Start of The data
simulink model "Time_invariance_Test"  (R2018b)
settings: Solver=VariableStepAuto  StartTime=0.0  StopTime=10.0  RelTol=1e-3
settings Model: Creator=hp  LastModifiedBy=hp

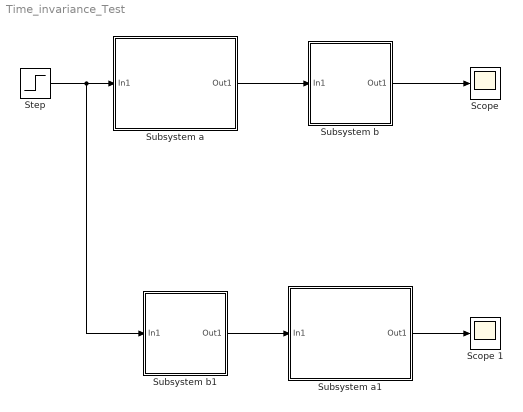
== system Time_invariance_Test ==
  "Scope " : Scope
  Scope 1 : Scope
  "Step " : Step  SampleTime=0
  Subsystem a : Subsystem
  Subsystem a1 : Subsystem
  Subsystem b : Subsystem
  Subsystem b1 : Subsystem
  wires:
  "Step "/1 -> Subsystem b1/1(In1), Subsystem a/1(In1)
  Subsystem a/1(Out1) -> Subsystem b/1(In1)
  Subsystem b/1(Out1) -> "Scope "/1
  Subsystem b1/1(Out1) -> Subsystem a1/1(In1)
  Subsystem a1/1(Out1) -> Scope 1/1

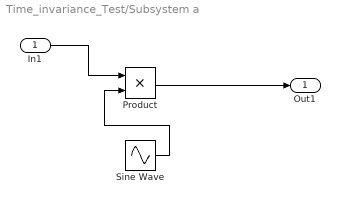
== system Time_invariance_Test/Subsystem a ==
  In1 : Inport
  "Product " : Product
  "Sine Wave " : Sin  SampleTime=0
  Out1 : Outport
  wires:
  "Sine Wave "/1 -> "Product "/2
  In1/1 -> "Product "/1
  "Product "/1 -> Out1/1

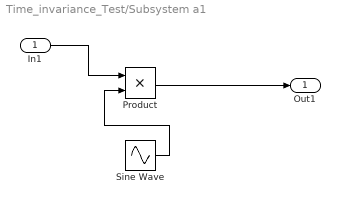
== system Time_invariance_Test/Subsystem a1 ==
  In1 : Inport
  "Product " : Product
  "Sine Wave " : Sin  SampleTime=0
  Out1 : Outport
  wires:
  "Sine Wave "/1 -> "Product "/2
  In1/1 -> "Product "/1
  "Product "/1 -> Out1/1

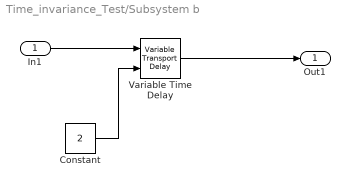
== system Time_invariance_Test/Subsystem b ==
  In1 : Inport
  Constant : Constant  Value=2
  "Variable Time Delay " : VariableTransportDelay  MaximumDelay=10
  Out1 : Outport
  wires:
  "Variable Time Delay "/1 -> Out1/1
  Constant/1 -> "Variable Time Delay "/2
  In1/1 -> "Variable Time Delay "/1

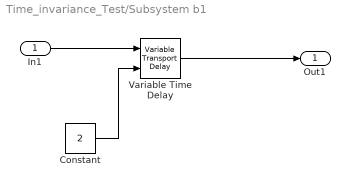
== system Time_invariance_Test/Subsystem b1 ==
  In1 : Inport
  Constant : Constant  Value=2
  "Variable Time Delay " : VariableTransportDelay  MaximumDelay=10
  Out1 : Outport
  wires:
  "Variable Time Delay "/1 -> Out1/1
  Constant/1 -> "Variable Time Delay "/2
  In1/1 -> "Variable Time Delay "/1
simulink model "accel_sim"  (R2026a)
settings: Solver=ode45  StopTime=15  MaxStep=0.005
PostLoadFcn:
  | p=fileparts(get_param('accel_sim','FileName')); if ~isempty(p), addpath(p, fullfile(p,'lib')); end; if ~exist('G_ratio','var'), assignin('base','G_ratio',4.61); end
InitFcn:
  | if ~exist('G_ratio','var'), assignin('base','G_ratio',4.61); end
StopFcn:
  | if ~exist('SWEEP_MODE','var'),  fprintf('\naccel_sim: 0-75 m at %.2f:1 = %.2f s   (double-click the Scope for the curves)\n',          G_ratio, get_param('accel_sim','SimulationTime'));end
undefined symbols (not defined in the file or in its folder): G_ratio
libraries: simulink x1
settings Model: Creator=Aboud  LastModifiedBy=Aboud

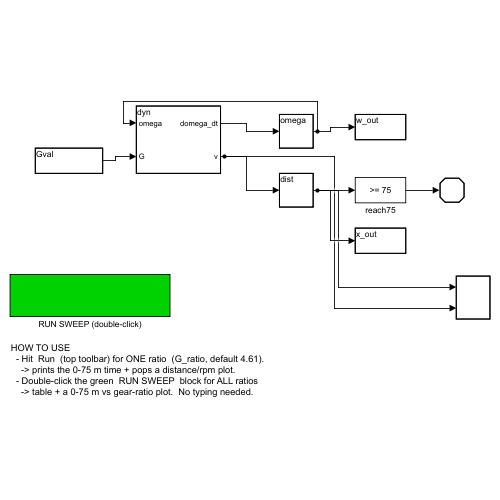
[thumbnail: Simulink's stored preview of the top-level diagram]
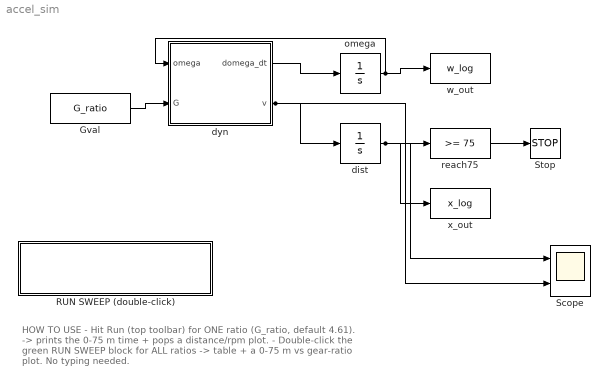
== system accel_sim ==
  note: HOW TO USE
      |   - Hit  Run  (top toolbar) for ONE ratio  (G_ratio, default 4.61).
      |     -> prints the 0-75 m time + pops a distance/rpm plot.
      |   - Double-click the green  RUN SWEEP  block for ALL ratios
      |     -> table + a 0-75 m vs gear-ratio plot.  No typing needed.
  Gval : Constant  Value=G_ratio
  RUN SWEEP (double-click) : Subsystem
      settings: OpenFcn=sweep_accel_sim
  Scope : Scope  NumInputPorts=2
  Stop : Stop
  dist : Integrator
  dyn : MATLAB Function  TreatAsAtomicUnit=on
  omega : Integrator
  reach75 : simulink/Logic and Bit Operations/Compare To Constant  relop=>=  const=75  OutDataTypeStr=boolean
  w_out : ToWorkspace  VariableName=w_log  SaveFormat=Timeseries  SampleTime=-1
  x_out : ToWorkspace  VariableName=x_log  SaveFormat=Timeseries  SampleTime=-1
  wires:
  Gval/1 -> dyn/2(G)
  dyn/1(domega_dt) -> omega/1
  omega/1 -> dyn/1(omega), w_out/1
  dyn/2(v) -> dist/1, Scope/2
  dist/1 -> reach75/1, x_out/1, Scope/1
  reach75/1 -> Stop/1

== system accel_sim/RUN SWEEP (double-click) ==

== matlab function accel_sim/dyn ==
  data: omega input; domega_dt output; G input; v output
function [domega_dt, v] = dyn(omega, G)
%#codegen
r=0.2286; eta=0.794; m=294; rho=1.225; CdA=0.933062; ClA=1.49881; Crr=0.015;
rs=0.483; ra=0.564; hcg=0.3134; L=1.543; g=9.81; redline=6000; Tcap=140; TF=1.5;
Irot=0.0256; Idl=0.0005; Iwh=0.105352; nw=4;
Prpm=[0 1000 2000 3000 4000 5000 6000 ]; Pkw=[0 24 40 50 56 62 68 ];
PDX1=2.1; PDX2=-0.40981; FNOM=667; LMUX=0.65;
n = 1/G;
Iden = Irot + Idl + nw*Iwh*n^2 + m*n^2*r^2;
b = 0.5*rho*r^2*n^2*(CdA + Crr*ClA);
Cc = m*g*Crr;
v = r*n*omega;
rpm = omega*60/(2*pi);
if rpm < 50
    Tm = Tcap;
else
    Pk = interp1(Prpm, Pkw, min(rpm,redline), 'linear', 'extrap');
    Tm = min(Tcap, Pk*9549/rpm);
end
Tm = Tm*eta;
Fdown = 0.5*rho*ClA*v^2;
a = 0; domega_dt = 0;
for it = 1:3
    Fzr = m*g*rs + m*a*hcg/L + Fdown*ra;
    dfz = (Fzr/2 - FNOM)/FNOM;
    mu = max(LMUX*(PDX1 + PDX2*dfz), 0.5);
    Tuse = min(Tm, mu*Fzr*r*n/eta);
    domega_dt = (Tuse - n*r*(b*omega^2 + Cc) - TF)/Iden;
    a = r*n*domega_dt;
end
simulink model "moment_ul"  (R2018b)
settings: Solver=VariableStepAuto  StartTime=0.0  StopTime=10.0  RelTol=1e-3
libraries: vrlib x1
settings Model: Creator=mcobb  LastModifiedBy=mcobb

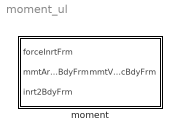
== system moment_ul ==
  moment : Subsystem

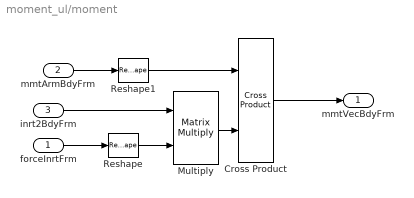
== system moment_ul/moment ==
  forceInrtFrm : Inport
  mmtArmBdyFrm : Inport  Port=2
  inrt2BdyFrm : Inport  Port=3
  Cross Product : vrlib/Utilities/Cross Product
      settings: SourceProductBaseCode=VR
  Multiply : Product  Multiplication=Matrix(*)
  Reshape : Reshape  OutputDimensionality=Column vector (2-D)
  Reshape1 : Reshape  OutputDimensionality=Column vector (2-D)
  mmtVecBdyFrm : Outport
  wires:
  forceInrtFrm/1 -> Reshape/1
  inrt2BdyFrm/1 -> Multiply/1
  Multiply/1 -> Cross Product/2
  mmtArmBdyFrm/1 -> Reshape1/1
  Cross Product/1 -> mmtVecBdyFrm/1
  Reshape/1 -> Multiply/2
  Reshape1/1 -> Cross Product/1
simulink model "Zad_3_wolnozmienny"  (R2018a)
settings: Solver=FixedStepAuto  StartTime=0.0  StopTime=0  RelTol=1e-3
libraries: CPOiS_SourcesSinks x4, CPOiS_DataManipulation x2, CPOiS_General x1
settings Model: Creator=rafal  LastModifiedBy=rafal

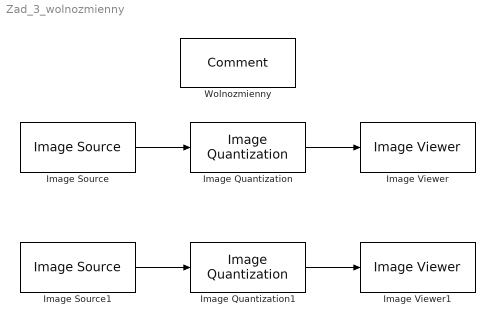
== system Zad_3_wolnozmienny ==
  Image Quantization : CPOiS_DataManipulation/Image Quantization  LevelsNum=32
      settings: SourceProductName=CPOiS - Digital image and signal processing
  Image Quantization1 : CPOiS_DataManipulation/Image Quantization  LevelsNum=8
      settings: SourceProductName=CPOiS - Digital image and signal processing
  Image Source : CPOiS_SourcesSinks/Image Source  FileSelection=ball.png
      settings: SourceProductName=CPOiS - Digital image and signal processing
  Image Source1 : CPOiS_SourcesSinks/Image Source  FileSelection=ball.png
      settings: SourceProductName=CPOiS - Digital image and signal processing
  Image Viewer : CPOiS_SourcesSinks/Image Viewer
      settings: SourceProductName=CPOiS - Digital image and signal processing
  Image Viewer1 : CPOiS_SourcesSinks/Image Viewer
      settings: SourceProductName=CPOiS - Digital image and signal processing
  "Wolnozmienny " : CPOiS_General/Comment
      settings: SourceProductName=CPOiS - Digital image and signal processing
  wires:
  Image Source/1 -> Image Quantization/1
  Image Quantization/1 -> Image Viewer/1
  Image Quantization1/1 -> Image Viewer1/1
  Image Source1/1 -> Image Quantization1/1
End of The data
→ **Your assignment**
Only an exact copy of the lines from the top of the entries through the line with "Subsystem b : Subsystem", both included, should be given, with all pictures omitted.

→ **Reply**
simulink model "Time_invariance_Test"  (R2018b)
settings: Solver=VariableStepAuto  StartTime=0.0  StopTime=10.0  RelTol=1e-3
settings Model: Creator=hp  LastModifiedBy=hp

== system Time_invariance_Test ==
  "Scope " : Scope
  Scope 1 : Scope
  "Step " : Step  SampleTime=0
  Subsystem a : Subsystem
  Subsystem a1 : Subsystem
  Subsystem b : Subsystem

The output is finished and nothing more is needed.